#### WHAT YOU NEED TO DO:
Among the entries below, find every line that has "color" and pull it out.
[PROVIDED ENTRIES]
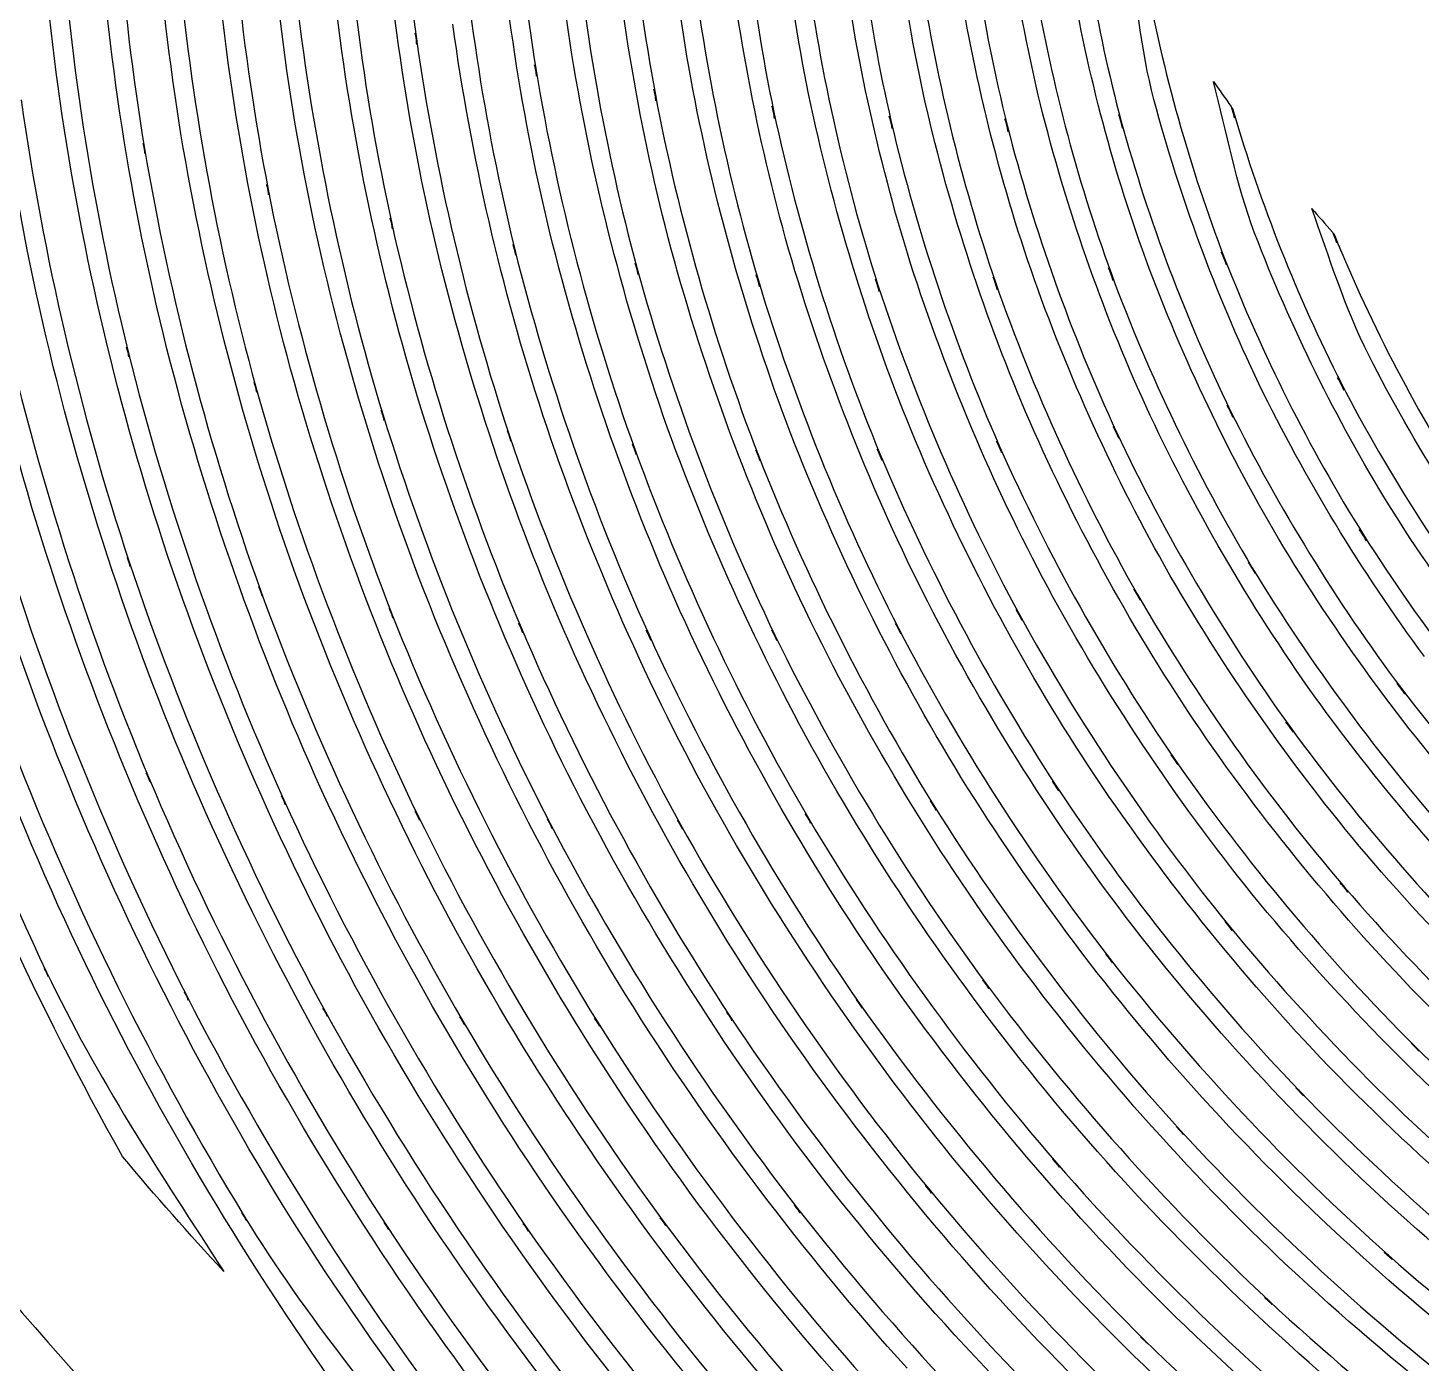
# Model space of a CAD drawing. Extents: x 1 to 1501, y -1248 to 252.
# Drawn here: x 183.8 to 506.5, y -997.5 to -688.3 of the extents above; entities that cross this region are included whole.
import ezdxf

# ---------------------------------------------------------------- set-up
doc = ezdxf.new("R2010")
doc.units = 0
doc.layers.add('Ebene_1', color=7, linetype='CONTINUOUS')

msp = doc.modelspace()

# ---------------------------------------------------------------- linework, layer by layer
at = {"layer": 'Ebene_1', "color": 7}
for p, q in [((273.48415, -689.51592), (273.84474, -692.09072)), ((273.78674, -690.80332), (273.78664, -690.80332)), ((301.15509, -696.82532), (301.58939, -699.47372)), ((301.49639, -698.13592), (301.49629, -698.13592)), ((328.73286, -702.44402), (329.24466, -705.1816)), ((329.11666, -703.7857), (329.11676, -703.7857)), ((356.13234, -706.3914), (356.72564, -709.2182)), ((462.48835, -706.4767), (463.24835, -709.1213)), ((356.56274, -707.7758), (356.56274, -707.7758)), ((383.26811, -708.687), (383.94671, -711.6069)), ((410.06646, -709.3501), (410.82646, -712.3669)), ((436.44609, -708.4156), (437.29139, -711.5293)), ((383.74901, -710.1218), (383.74891, -710.1218)), ((410.58996, -710.8197), (410.58996, -710.8197)), ((437.01999, -709.9395), (437.01999, -709.9395)), ((210.50734, -715.0658), (210.89514, -717.3846)), ((210.80614, -716.2097), (210.80594, -716.2097)), ((239.10115, -724.566), (239.56255, -726.943)), ((239.44235, -725.7293), (239.44235, -725.7293)), ((267.67547, -732.3407), (268.21836, -734.7914)), ((268.05937, -733.5466), (268.05937, -733.5466)), ((485.90935, -735.5746), (486.92139, -738.0719)), ((296.14899, -738.4092), (296.76938, -740.9258)), ((296.57168, -739.6268), (296.57168, -739.6268)), ((460.18505, -740.1658), (461.35611, -743.175)), ((460.92571, -741.6432), (460.92564, -741.6432)), ((324.42865, -742.7833), (325.13824, -745.3775)), ((324.90554, -744.0513), (324.90564, -744.0513)), ((434.05362, -743.8537), (435.12386, -746.7735)), ((434.72446, -745.2574), (434.72442, -745.2574)), ((352.44076, -745.4899), (353.23955, -748.1577)), ((352.96815, -746.8005), (352.96815, -746.8005)), ((380.10393, -746.5524), (380.98803, -749.2978)), ((380.67393, -747.8785), (380.67393, -747.8785)), ((407.33273, -745.9979), (408.30993, -748.8247)), ((407.95703, -747.3706), (407.95703, -747.3706)), ((206.64139, -762.2181), (207.18809, -764.4206)), ((207.01359, -763.2922), (207.01359, -763.2922)), ((236.18513, -770.4038), (236.80943, -772.6606)), ((487.12309, -769.2638), (488.5966, -772.1333)), ((487.9994, -770.6326), (487.99939, -770.6326)), ((236.60003, -771.4973), (236.60003, -771.4973)), ((265.61261, -776.8563), (266.32221, -779.1751)), ((461.51119, -775.6619), (462.88777, -778.4538)), ((462.34487, -777.0152), (462.34489, -777.0152)), ((266.07401, -777.9846), (266.07401, -777.9846)), ((435.16255, -780.5865), (436.43441, -783.3009)), ((294.84612, -781.6064), (295.64102, -783.9834)), ((295.35412, -782.7619), (295.35412, -782.7619)), ((408.14321, -783.9834), (409.31038, -786.624)), ((435.93421, -781.8972), (435.93425, -781.8972)), ((323.79272, -784.6581), (324.68071, -787.101)), ((324.35502, -785.8563), (324.35502, -785.8563)), ((352.38267, -786.0619), (353.35596, -788.563)), ((352.98366, -787.264), (352.98366, -787.264)), ((380.52274, -785.8175), (381.59296, -788.3923)), ((381.17417, -787.0467), (381.17414, -787.0467)), ((408.84898, -785.2436), (408.84891, -785.2436)), ((492.15232, -804.4263), (493.80808, -807.0593)), ((493.10618, -805.6672), (493.10622, -805.6672)), ((206.81191, -810.9098), (207.50601, -812.9998)), ((207.25401, -811.9257), (207.25401, -811.9257)), ((466.45909, -812.0809), (468.01014, -814.644)), ((467.37424, -813.3179), (467.37419, -813.3179)), ((237.26697, -817.6996), (238.04247, -819.8323)), ((237.75557, -818.7388), (237.75557, -818.7388)), ((439.93982, -818.2812), (441.37844, -820.7861)), ((440.77734, -819.4678), (440.77742, -819.4678)), ((267.50488, -822.7483), (268.36567, -824.9275)), ((268.03998, -823.8107), (268.03998, -823.8107)), ((412.66446, -822.9925), (413.99449, -825.4393)), ((413.43609, -824.1364), (413.43616, -824.1364)), ((297.45196, -826.0908), (298.39416, -828.3204)), ((298.01806, -827.1416), (298.01806, -827.1416)), ((327.01504, -827.7582), (328.05425, -830.0344)), ((327.64715, -828.8633), (327.64714, -828.8633)), ((356.12846, -827.7737), (357.26072, -830.108)), ((356.79932, -828.8827), (356.79926, -828.8827)), ((384.70284, -826.1722), (385.93204, -828.5608)), ((385.42404, -827.2967), (385.42404, -827.2967)), ((500.87703, -840.124), (502.68402, -842.5165)), ((501.89682, -841.2369), (501.89687, -841.2369)), ((475.15279, -849.0698), (476.83958, -851.4041)), ((476.10278, -850.1555), (476.10279, -850.1555)), ((448.51726, -856.6079), (450.09546, -858.8957)), ((449.41295, -857.6781), (449.41295, -857.6781)), ((211.22474, -860.8114), (212.05063, -862.7812)), ((211.72493, -861.7575), (211.72493, -861.7574)), ((421.04027, -862.6881), (422.51378, -864.9332)), ((421.88168, -863.7428), (421.88167, -863.7428)), ((242.52892, -866.1041), (243.43632, -868.1088)), ((243.07182, -867.0619), (243.07182, -867.0621)), ((392.78763, -867.2715), (394.15645, -869.4663)), ((273.5269, -869.6715), (274.51569, -871.7111)), ((274.10859, -870.6293), (274.10849, -870.6295)), ((363.83725, -870.296), (365.1091, -872.4559)), ((393.57865, -868.3146), (393.57873, -868.3146)), ((304.12538, -871.5329), (305.20722, -873.6152)), ((304.75742, -872.5178), (304.75738, -872.5179)), ((334.25464, -871.7307), (335.42957, -873.8441)), ((334.94877, -872.7467), (334.94874, -872.7467)), ((364.574, -871.3197), (364.57394, -871.3197)), ((487.68531, -886.284), (489.49616, -888.3973)), ((488.68577, -887.2534), (488.68575, -887.253)), ((460.99158, -895.2056), (462.69387, -897.2842)), ((461.94547, -896.1712), (461.94548, -896.1716)), ((433.37501, -902.7131), (434.96872, -904.7566)), ((187.61765, -906.1029), (188.48235, -907.9176)), ((434.27462, -903.6709), (434.27461, -903.6711)), ((188.13335, -906.9716), (188.13335, -906.9709)), ((404.89756, -908.7474), (406.38657, -910.7638)), ((405.73127, -909.6819), (405.73126, -909.6814)), ((220.03861, -911.5623), (220.98091, -913.4003)), ((220.59311, -912.4423), (220.59311, -912.4423)), ((252.13383, -915.2691), (253.16141, -917.142)), ((252.73101, -916.157), (252.73103, -916.1571)), ((345.64717, -916.2233), (346.93843, -918.1777)), ((375.63299, -913.2681), (377.02118, -915.2535)), ((376.41238, -914.191), (376.41239, -914.1911)), ((283.81811, -917.2619), (284.93099, -919.162)), ((284.46179, -918.1616), (284.46181, -918.1619)), ((315.01764, -917.5686), (316.2197, -919.4919)), ((315.7117, -918.4876), (315.71174, -918.4876)), ((346.37613, -917.1346), (346.37617, -917.1343)), ((504.12651, -923.3695), (506.03431, -925.258)), ((505.16962, -924.2265), (505.16961, -924.2265)), ((477.44447, -933.7231), (479.23983, -935.5882)), ((478.42943, -934.5723), (478.42937, -934.5721)), ((449.75418, -942.7038), (451.44485, -944.5496)), ((450.68875, -943.5526), (450.68868, -943.5528)), ((421.12163, -950.2575), (422.71146, -952.0839)), ((422.00576, -951.1029), (422.00573, -951.1025)), ((391.60888, -956.3256), (393.09788, -958.1365)), ((392.42709, -957.1515), (392.42708, -957.1516)), ((361.28954, -960.8699), (362.68549, -962.6575)), ((233.3893, -962.7779), (234.43626, -964.4918)), ((233.98647, -963.5768), (233.9865, -963.5769)), ((330.22968, -963.8253), (331.53256, -965.5974)), ((330.95476, -964.6434), (330.95477, -964.6433)), ((362.07669, -961.7075), (362.07674, -961.7079)), ((266.20194, -964.8218), (267.33422, -966.5551)), ((266.84952, -965.6401), (266.84954, -965.6398)), ((298.51045, -965.1553), (299.72804, -966.9119)), ((299.19684, -965.9739), (299.19685, -965.9733)), ((497.91846, -971.778), (499.79136, -973.4416)), ((498.91506, -972.5106), (498.91496, -972.511)), ((470.22815, -982.2825), (472.00023, -983.9383)), ((471.18204, -983.0193), (471.18205, -983.0195)), ((441.51032, -991.4071), (443.18545, -993.0512)), ((442.42935, -992.1592), (442.42932, -992.1591))]:
    msp.add_line(p, q, dxfattribs=at)
for points in [[(190.79341, -701.85812), (186.14172, -667.2751), (184.5958, -632.34798), (186.1635, -597.48716)], [(269.66471, -600.24066), (268.31783, -630.49258), (269.69371, -660.8017), (273.78664, -690.80332)], [(309.80997, -694.42922), (305.42218, -666.2863), (303.59488, -637.80888), (304.33861, -609.33406)], [(219.24369, -712.8015), (213.87937, -679.63381), (211.50542, -646.05219), (212.13209, -612.45947)], [(295.50535, -611.50897), (294.89045, -640.50788), (296.88989, -669.4983), (301.49629, -698.13572)], [(203.22514, -614.33497), (202.70974, -648.45179), (205.24461, -682.54401), (210.80594, -716.2087)], [(337.30271, -699.81882), (332.50403, -673.02081), (330.15525, -645.84659), (330.27252, -618.62077)], [(321.52045, -621.14127), (321.55245, -648.86399), (324.09016, -676.52221), (329.11676, -703.7857)], [(247.75989, -722.0418), (241.77338, -690.28142), (238.65429, -658.0519), (238.43028, -625.73247)], [(229.597, -627.91938), (229.9493, -660.7528), (233.24273, -693.48702), (239.44235, -725.7293)], [(347.62482, -629.05938), (348.21182, -655.51619), (351.20177, -681.86091), (356.56281, -707.7758)], [(364.59718, -703.5065), (359.48312, -678.06441), (356.70309, -652.21079), (356.28352, -626.26358)], [(391.63549, -705.5859), (386.28486, -681.46741), (383.16322, -656.91719), (382.29425, -632.22848)], [(373.73667, -635.35668), (374.78939, -660.531), (378.13996, -685.55651), (383.74875, -710.1218)], [(276.24119, -729.5488), (269.7257, -699.20692), (265.95676, -668.3415), (264.97276, -637.32268)], [(418.31423, -706.0114), (412.81995, -683.22331), (409.44783, -659.9815), (408.21685, -636.57428)], [(256.22102, -639.81208), (257.35319, -671.3488), (261.31185, -702.71952), (268.05947, -733.5465)], [(399.77024, -639.96338), (401.20032, -663.865), (404.81674, -687.58101), (410.58887, -710.8197)], [(185.70991, -749.6309), (178.1269, -714.2608), (173.71714, -678.28465), (172.5298, -642.13063)], [(425.64239, -642.96109), (427.36578, -665.5913), (431.16971, -688.01132), (437.0194, -709.9398)], [(304.61005, -735.3651), (297.65612, -706.4276), (293.3267, -676.92761), (291.67034, -647.21049)], [(283.01554, -650.02989), (284.83643, -680.24061), (289.36975, -710.2281), (296.57178, -739.6269)], [(215.19543, -759.3011), (206.95724, -725.4046), (201.76458, -690.84522), (199.68098, -656.02359)], [(332.78889, -739.4949), (325.48302, -711.9628), (320.68659, -683.83131), (318.44938, -655.43509)], [(190.933, -658.5214), (193.16335, -693.85592), (198.54389, -728.9178), (207.01359, -763.2918)], [(309.89527, -658.5415), (312.31614, -687.43881), (317.33368, -716.0584), (324.90564, -744.0516)], [(360.68862, -741.9767), (353.11744, -715.8348), (347.9426, -689.06422), (345.21294, -661.9846)], [(336.77145, -665.3853), (339.70203, -692.95862), (345.1177, -720.2078), (352.96838, -746.8005)], [(388.22729, -742.8027), (380.48028, -718.0349), (375.00861, -692.61252), (371.87915, -666.851)], [(218.41387, -670.9772), (221.46559, -704.9583), (227.55108, -738.598), (236.60003, -771.4976)], [(244.63839, -767.2362), (235.83605, -734.8067), (229.95999, -701.65562), (227.07266, -668.1776)], [(363.56185, -670.5425), (366.91105, -696.78822), (372.63456, -722.6714), (380.6739, -747.8785)], [(415.32353, -742.0154), (407.48681, -718.598), (401.81505, -694.51532), (398.37047, -670.0617)], [(444.57748, -704.8753), (441.55342, -693.18532), (440.36688, -681.15781), (438.80367, -669.1931)], [(390.18524, -674.05671), (393.86558, -698.98612), (399.80777, -723.5237), (407.95649, -747.3716)], [(441.90921, -739.6736), (434.06162, -717.5798), (428.26958, -694.81502), (424.5994, -671.6596)], [(416.56181, -675.93251), (420.48346, -699.54952), (426.55796, -722.753), (434.7247, -745.2573)], [(442.60393, -676.19231), (446.68372, -698.52682), (452.81058, -720.4373), (460.92579, -741.6432)], [(273.96124, -773.444), (264.68649, -742.4799), (258.21185, -710.7492), (254.61179, -678.62371)], [(246.06148, -681.74911), (249.84411, -714.363), (256.53885, -746.5674), (266.07401, -777.9847)], [(184.67458, -799.1139), (174.02261, -763.1862), (166.5963, -726.3851), (162.47894, -689.13972)], [(273.78664, -690.80332), (273.72464, -690.36632), (273.54505, -689.95332), (273.48415, -689.51592)], [(303.07071, -777.9343), (293.41894, -748.4391), (286.44674, -718.1378), (282.2245, -687.39491)], [(273.84474, -692.09072), (273.78574, -691.66472), (273.84475, -691.22972), (273.78674, -690.80332)], [(273.78664, -690.80332), (278.20894, -722.041), (285.42376, -752.8173), (295.35412, -782.7619)], [(301.49629, -698.13592), (301.42229, -697.68992), (301.22819, -697.27192), (301.15509, -696.82532)], [(331.88928, -780.7303), (321.95147, -752.6842), (314.56224, -723.8012), (309.80997, -694.42922)], [(301.49629, -698.13572), (306.46877, -728.0017), (314.11442, -757.3604), (324.35502, -785.8561)], [(301.58939, -699.47372), (301.51739, -699.03172), (301.56739, -698.57772), (301.49639, -698.13592)], [(360.35143, -781.9205), (350.20513, -755.3029), (342.49677, -727.8257), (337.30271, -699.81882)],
[/PROVIDED ENTRIES]
#### TASK ANSWER:
doc.layers.add('Ebene_1', color=7, linetype='CONTINUOUS')
at = {"layer": 'Ebene_1', "color": 7}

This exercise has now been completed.